Annie Poon is a multimedia artist living in New York City. She hails from New Canaan, Connecticut. Annie moved to NYC after witnessing Jackson Pollock’s monumental Autumn Rhythm at the Museum of Modern art on a high school field trip. Subsequently, she studied drawing and painting at the School of Visual Arts in Manhattan.
While in college, Annie developed her unique style of stop-motion animation using paper cut-outs and sharpies. Her acclaimed short ‘Runaway Bathtub’ was collected by the Museum of Modern Art where it has shown on multiple occasions and garnered the prestigious audience choice award. Her short ‘The Shiny Bicycle’ includes a voice-over by President Thomas S. Monson and is found on LDS.org in the children’s section.
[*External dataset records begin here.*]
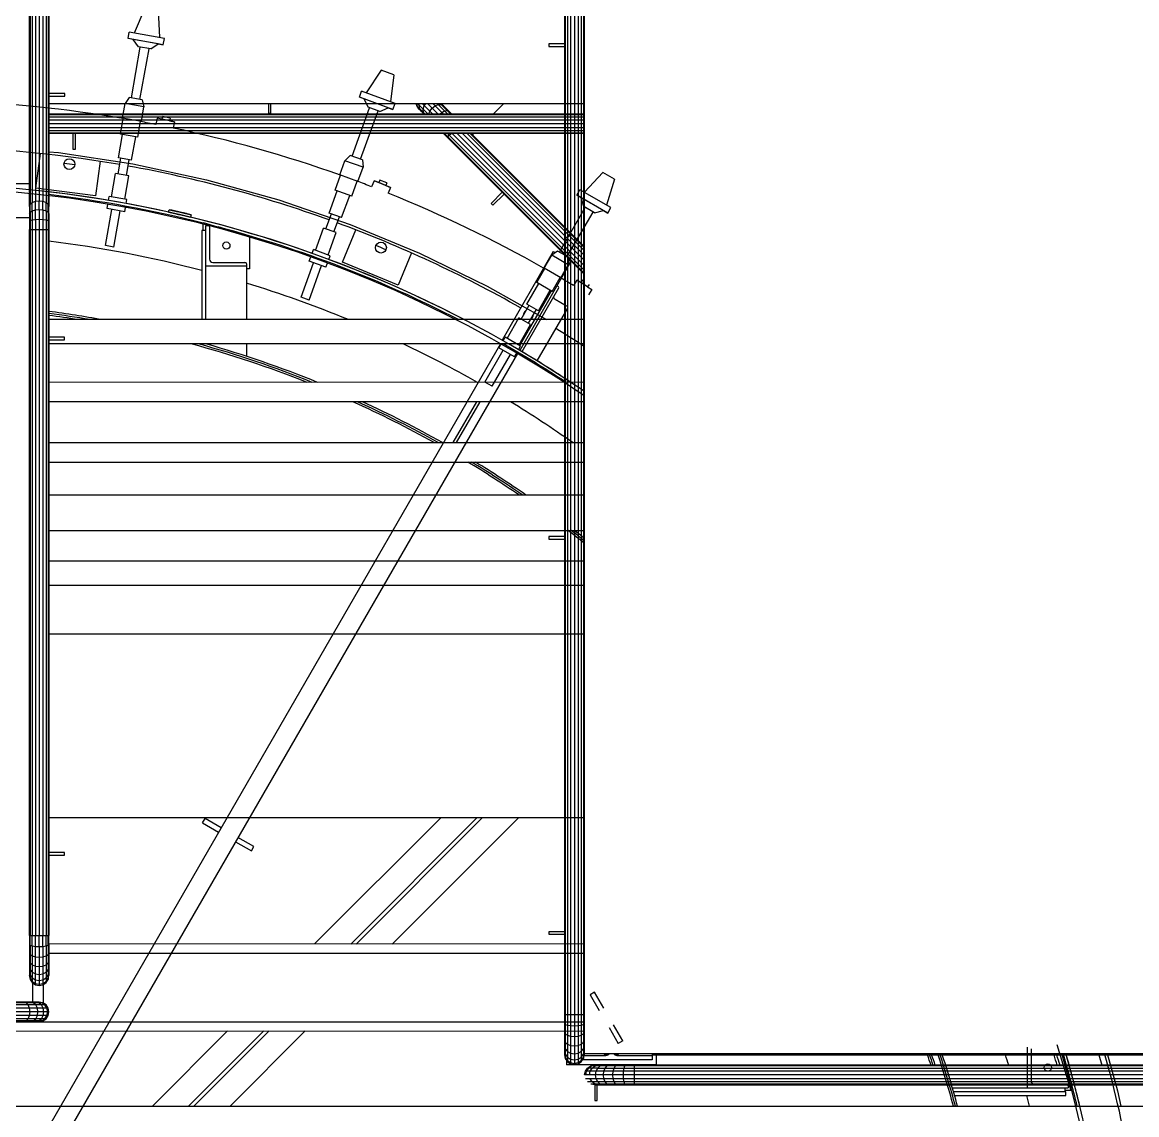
# Model space of a CAD drawing. Header units: metres. Extents: x 0 to 63075, y 0 to 44550.
# Drawn here: x 56912.6 to 57329, y 39121.7 to 39529.9 of the extents above; entities that cross this region are included whole.
import ezdxf

# ---------------------------------------------------------------- set-up
doc = ezdxf.new("R2010")
doc.units = ezdxf.units.M
doc.header["$LTSCALE"] = 75
for name, color, linetype in [('GSB', 7, 'Continuous'), ('ML6', 1, 'Continuous'), ('SDM', 7, 'Continuous'), ('SL1', 8, 'Continuous')]:
    doc.layers.add(name, color=color, linetype=linetype)
doc.styles.add('ROMANS', font='ROMANS.SHX')
doc.dimstyles.new('75___1-75', dxfattribs={"dimscale": 75, "dimtxt": 2.5, "dimasz": 2, "dimexe": 1.5, "dimexo": 1, "dimgap": 0.5, "dimtad": 1, "dimdec": 0, "dimzin": 12, "dimtxsty": 'ROMANS', "dimcen": 0, "dimclrd": 256, "dimclre": 256, "dimclrt": 3, "dimazin": 3, "dimtfac": 1, "dimtdec": 0, "dimtmove": 0, "dimatfit": 0, "dimfxl": 1, "dimlwd": -1, "dimlwe": -1, "dimarcsym": 0})

# ---------------------------------------------------------------- blocks, each defined once
blk = doc.blocks.new('A$C6bae614f')
at = {"layer": 'SL1'}
for p, q in [((394503.9, 40469.2), (394503.7, 35488.4)), ((394503.9, 40469.2), (394503.7, 35488.4)), ((394505.7, 40469.2), (394505.6, 35476.7)), ((394505.7, 40469.2), (394505.6, 35476.7)), ((394511, 40469.2), (394510.9, 35468.8)), ((394511, 40469.2), (394510.9, 35468.8)), ((394518.9, 40469.2), (394518.8, 35463.5)), ((394518.9, 40469.2), (394518.8, 35463.5)), ((394528.3, 40469.2), (394528.1, 35461.7)), ((394528.3, 40469.2), (394528.1, 35461.7)), ((394537.6, 40469.2), (394537.5, 35463.5)), ((394537.6, 40469.2), (394537.5, 35463.5)), ((394545.5, 40469.2), (394545.4, 35468.8)), ((394545.5, 40469.2), (394545.4, 35468.8)), ((394550.8, 40469.2), (394550.7, 35476.7)), ((394550.8, 40469.2), (394550.7, 35476.7)), ((394552.7, 40469.2), (394552.5, 35488.6)), ((394552.7, 40469.2), (394552.5, 35488.6)), ((393171.9, 37597.2), (393171.9, 39913.7)), ((393173.8, 39919), (393173.8, 37602.6)), ((393179.1, 39923.5), (393179.1, 37607.1)), ((393187, 39926.6), (393187, 37610.1)), ((393196.3, 39927.6), (393196.3, 37611.2)), ((393205.7, 39926.6), (393205.7, 37610.1)), ((393213.6, 39923.5), (393213.6, 37607.1)), ((393218.9, 39919), (393218.9, 37602.6)), ((393220.7, 39913.7), (393220.7, 37597.2)), ((393459.2, 38090.6), (393432.7, 38028.4)), ((393492.3, 38084.8), (393495.8, 38017.2)), ((393417.7, 38014.9), (393420.5, 38030.5)), ((393508, 38015.1), (393420.5, 38030.5)), ((393505.3, 37999.5), (393417.7, 38014.9)), ((393430.2, 38012.7), (393417.7, 38014.9)), ((393492.8, 38001.6), (393430.2, 38012.7)), ((393443.4, 37994.2), (393430.2, 38012.7)), ((393474, 37988.8), (393443.4, 37994.2)), ((393474, 37988.8), (393492.8, 38001.6)), ((393492.8, 38001.6), (393505.3, 37999.5)), ((393505.3, 37999.5), (393508, 38015.1)), ((394464.7, 38001.7), (394464.7, 37995.3)), ((394503.8, 38001.7), (394464.7, 38001.7)), ((394464.7, 38001.7), (394464.7, 37995.3)), ((394503.8, 38001.7), (394464.7, 38001.7)), ((394464.7, 37995.3), (394503.8, 37995.3)), ((394464.7, 37995.3), (394503.8, 37995.3)), ((393426, 37867.2), (393447.4, 37993.5)), ((393447, 37863.4), (393470.1, 37989.5)), ((394047, 37936.1), (394010.1, 37879.4)), ((394078.6, 37924.6), (394047, 37936.1)), ((394078.6, 37924.6), (394070.4, 37857.5)), ((393993.1, 37868.8), (393998.5, 37883.6)), ((394082, 37853.2), (393998.5, 37883.6)), ((393259.8, 37877.8), (393220.7, 37877.8)), ((393220.7, 37871.4), (393259.8, 37871.4)), ((393220.7, 37871.4), (393259.8, 37871.4)), ((393259.8, 37871.4), (393259.8, 37877.8)), ((393420.4, 37868.1), (393410.1, 37853.1)), ((393452.6, 37862.5), (393420.4, 37868.1)), ((393452.6, 37862.5), (393457.1, 37844.8)), ((394076.6, 37838.4), (393993.1, 37868.8)), ((394005, 37864.4), (393993.1, 37868.8)), ((394064.7, 37842.6), (394005, 37864.4)), ((394014.8, 37843.9), (394005, 37864.4)), ((393220.7, 37853.1), (394552.5, 37853.1)), ((393220.7, 37827.5), (394552.5, 37827.5)), ((393403.6, 37816.4), (393410.1, 37853.1)), ((393457.1, 37844.8), (393410.1, 37853.1)), ((393450.6, 37808.1), (393457.1, 37844.8)), ((393766.7, 37853.1), (393766.7, 37829.1)), ((393766.7, 37829.1), (393773, 37829.1)), ((393773, 37829.1), (393773, 37853.1)), ((393975.5, 37721.8), (394018.6, 37842.5)), ((393995.6, 37714.5), (394040.3, 37834.6)), ((394044, 37833.2), (394014.8, 37843.9)), ((394044, 37833.2), (394064.7, 37842.6)), ((394064.7, 37842.6), (394076.6, 37838.4)), ((394076.6, 37838.4), (394082, 37853.2)), ((394135.8, 37847.9), (394134.8, 37853.1)), ((394141.1, 37840), (394135.8, 37847.9)), ((394137.7, 37846), (394135.8, 37847.9)), ((394137.7, 37846), (394136.4, 37853.1)), ((394142.9, 37838.2), (394137.7, 37846)), ((394137.7, 37846), (394143.5, 37840.2)), ((394138.1, 37853.1), (394163.7, 37827.5)), ((394141.1, 37840), (394142.9, 37838.2)), ((394142.2, 37849), (394143.2, 37853.1)), ((394143.5, 37840.2), (394142.2, 37849)), ((394142.9, 37838.2), (394148.1, 37833)), ((394148.1, 37833), (394143.5, 37840.2)), ((394143.5, 37840.2), (394152.7, 37831)), ((394148.1, 37833), (394153.6, 37827.5)), ((394168.4, 37834), (394149.3, 37853.1)), ((394152, 37839.1), (394154.7, 37847.7)), ((394152.7, 37831), (394152, 37839.1)), ((394152.7, 37831), (394156.2, 37827.5)), ((394154.8, 37827.5), (394152.7, 37831)), ((394154.7, 37847.7), (394158.7, 37853.1)), ((394162.5, 37853.1), (394188.1, 37827.5)), ((394165.8, 37827.5), (394168.4, 37834)), ((394168.4, 37834), (394174.2, 37841.4)), ((394174.9, 37827.5), (394168.4, 37834)), ((394174.2, 37841.4), (394181.6, 37847.2)), ((394175.7, 37853.1), (394181.6, 37847.2)), ((394181.6, 37847.2), (394189.6, 37850.4)), ((394181.6, 37847.2), (394198.1, 37830.7)), ((394186.9, 37853.1), (394189.6, 37850.4)), ((394189.6, 37850.4), (394196.8, 37850.7)), ((394189.6, 37850.4), (394212.5, 37827.5)), ((394194.2, 37827.5), (394198.1, 37830.7)), ((394194.4, 37853.1), (394220, 37827.5)), ((394196.8, 37850.7), (394202.2, 37847.9)), ((394197, 37853.1), (394215.6, 37834.5)), ((394198.1, 37830.7), (394205.3, 37834.7)), ((394198.1, 37830.7), (394201.3, 37827.5)), ((394205.3, 37834.7), (394211.5, 37836)), ((394211.5, 37836), (394215.6, 37834.5)), ((394215.6, 37834.5), (394222.6, 37827.5)), ((394352.5, 37853.1), (394326.9, 37827.5)), ((393220.7, 37825.7), (394552.5, 37825.6)), ((393220.7, 37820.4), (394552.5, 37820.3)), ((393220.7, 37812.5), (394552.5, 37812.4)), ((393220.7, 37803.1), (394552.5, 37803.1)), ((393398.5, 37776.7), (393405.4, 37816.1)), ((393450.6, 37808.1), (393403.6, 37816.4)), ((393441.9, 37769), (393448.8, 37808.4)), ((393490, 37816.6), (393486.5, 37801)), ((393532.7, 37807.4), (393490, 37816.6)), ((393502, 37814), (393490, 37816.6)), ((393503.6, 37820.8), (393502, 37814)), ((393520.6, 37810), (393502, 37814)), ((393522.1, 37816.8), (393503.6, 37820.8)), ((393522.1, 37816.8), (393520.6, 37810)), ((393520.6, 37810), (393532.7, 37807.4)), ((393532.7, 37807.4), (393529.5, 37792.3)), ((393220.7, 37793.8), (394552.5, 37793.7)), ((393220.7, 37785.9), (394552.5, 37785.8)), ((393220.7, 37780.6), (394552.5, 37780.5)), ((394552.5, 37778.7), (393220.7, 37778.7)), ((393280.3, 37778.7), (393280.3, 37739.6)), ((393286.7, 37739.6), (393286.7, 37778.7)), ((393393.6, 37718.1), (393403.7, 37775.8)), ((393441.9, 37769), (393398.5, 37776.7)), ((394202.4, 37778.7), (394552.5, 37428.5)), ((394205, 37778.7), (394552.5, 37431.2)), ((394212.5, 37778.7), (394552.5, 37438.6)), ((394213.1, 37770.6), (394216.9, 37774.3)), ((394216.9, 37774.3), (394221.2, 37778.7)), ((394223.7, 37778.7), (394552.5, 37449.8)), ((394236.9, 37778.7), (394552.5, 37463)), ((394250.1, 37778.7), (394552.5, 37476.2)), ((394261.3, 37778.7), (394552.5, 37487.4)), ((394268.8, 37778.7), (394552.5, 37494.9)), ((394271.4, 37778.7), (394552.5, 37497.5)), ((394278.1, 37778.7), (394274.8, 37775.3)), ((393426.5, 37712.3), (393436.6, 37770)), ((394211.8, 37769.3), (394213.1, 37770.6)), ((393188, 37642.7), (393199.4, 37728.9)), ((393220.7, 37733.2), (393244.7, 37731)), ((393244.7, 37731), (393429.8, 37702.9)), ((393280.3, 37739.6), (393286.7, 37739.6)), ((393392.7, 37677.9), (393399.5, 37717)), ((393426.5, 37712.3), (393393.6, 37718.1)), ((393970.2, 37723.7), (393957.4, 37710.7)), ((394000.9, 37712.6), (393970.2, 37723.7)), ((393348.1, 37709.3), (393336.8, 37623.1)), ((393413.6, 37674.3), (393420.5, 37713.3)), ((393429.8, 37702.9), (393612.8, 37663.6)), ((393944.7, 37675.7), (393957.4, 37710.7)), ((394002.3, 37694.4), (393957.4, 37710.7)), ((393989.6, 37659.4), (394002.3, 37694.4)), ((394000.9, 37712.6), (394002.3, 37694.4)), ((393376.4, 37620.8), (393386.7, 37679)), ((393419.6, 37673.2), (393386.7, 37679)), ((393409.3, 37615), (393419.6, 37673.2)), ((393612.8, 37663.6), (393793.1, 37613.3)), ((393932.8, 37637.5), (393946.5, 37675.1)), ((393989.6, 37659.4), (393944.7, 37675.7)), ((394029.8, 37660.9), (394023.7, 37646.1)), ((394070.3, 37644.4), (394029.8, 37660.9)), ((394041.2, 37656.3), (394029.8, 37660.9)), ((394043.9, 37662.7), (394041.2, 37656.3)), ((394061.4, 37655.6), (394043.9, 37662.7)), ((394599.2, 37681.9), (394553, 37632.4)), ((394628.3, 37665.1), (394599.2, 37681.9)), ((394628.3, 37665.1), (394608.5, 37600.3)), ((393171.9, 37653.7), (393120.2, 37653.7)), ((393336.8, 37623.1), (393188, 37642.7)), ((393917.7, 37580.6), (393937.8, 37635.7)), ((393974.2, 37622.4), (393932.8, 37637.5)), ((393974.2, 37622.4), (393987.8, 37660)), ((394058.9, 37649.1), (394041.2, 37656.3)), ((394061.4, 37655.6), (394058.9, 37649.1)), ((394058.9, 37649.1), (394070.3, 37644.4)), ((394070.3, 37644.4), (394064.5, 37630.1)), ((394534.3, 37624.9), (394542.2, 37638.6)), ((394619.2, 37594.2), (394542.2, 37638.6)), ((393173.8, 37602.6), (393179.1, 37607.1)), ((393179.1, 37607.1), (393187, 37610.1)), ((393179.1, 37586.3), (393179.1, 37607.1)), ((393187, 37610.1), (393196.3, 37611.2)), ((393187, 37588.4), (393187, 37610.1)), ((393196.3, 37589.1), (393196.3, 37611.2)), ((393196.3, 37611.2), (393205.7, 37610.1)), ((393205.7, 37610.1), (393213.6, 37607.1)), ((393205.7, 37588.4), (393205.7, 37610.1)), ((393213.6, 37607.1), (393218.9, 37602.6)), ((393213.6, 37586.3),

Annie’s work typically revolves around themes from search for redemption in despair, to childlike wonder and whimsy- a wide gamut which reflects her diagnosis of bipolar and Schizoaffective at the age of 26. She was the subject of a documentary on ‘Artful’ which investigates the creation of her animation ‘The Castle’. This film celebrates universal healing in the Savior and the universal rise to heavenly paradise.
Photography allows Poon the freedom to work alone without stress, expectation, deadlines, or deliveries. She takes multiple portraits a day of the people she sees on the streets, in newsstands, food trucks, and in the stores in her neighborhood. She particularly enjoys photographing the cashiers at her local Whole Foods. On May 7th, a cashier let slip that Annie is Whole Foods Famous!
Annie’s gift to all these neighbors is a business card that says, ‘You Make New York Awesome.’
Annie has worked with (in no particular order) The Lower Eastside Printshop, Covenant, The Museum of Modern, Deseret book, the Maxwell Institute, The Book of Mormon Art Catalog, the BYU Museum, MIT, Pfizer, Cornell University, The New Museum, The Museum of Art and Design, The Brooklyn Museum, The Brooklyn Academy of Music, The Harold B. Lee Archives, The Friend, The Center for LDS Art, Nickelodeon, Artful, PBS, CBS, The National Gallery, The Church History Museum, Meyer Gallery, Writ and Vision, Fountain House Gallery, UMOCA, and the Springville Museum of Art.
Annie’s work is collected by The Museum of Modern Art, Heather and Bradford Pack, The Glen and Marcia Nelson Collection, The BYU MoA, The Springville Museum of Art, The Harold B Lee Archives, The Church History Museum, The Chris and Janae Baird Collection, and The Richard and Claudia Bushman Collection
Annie has had six solo shows and is handicapped.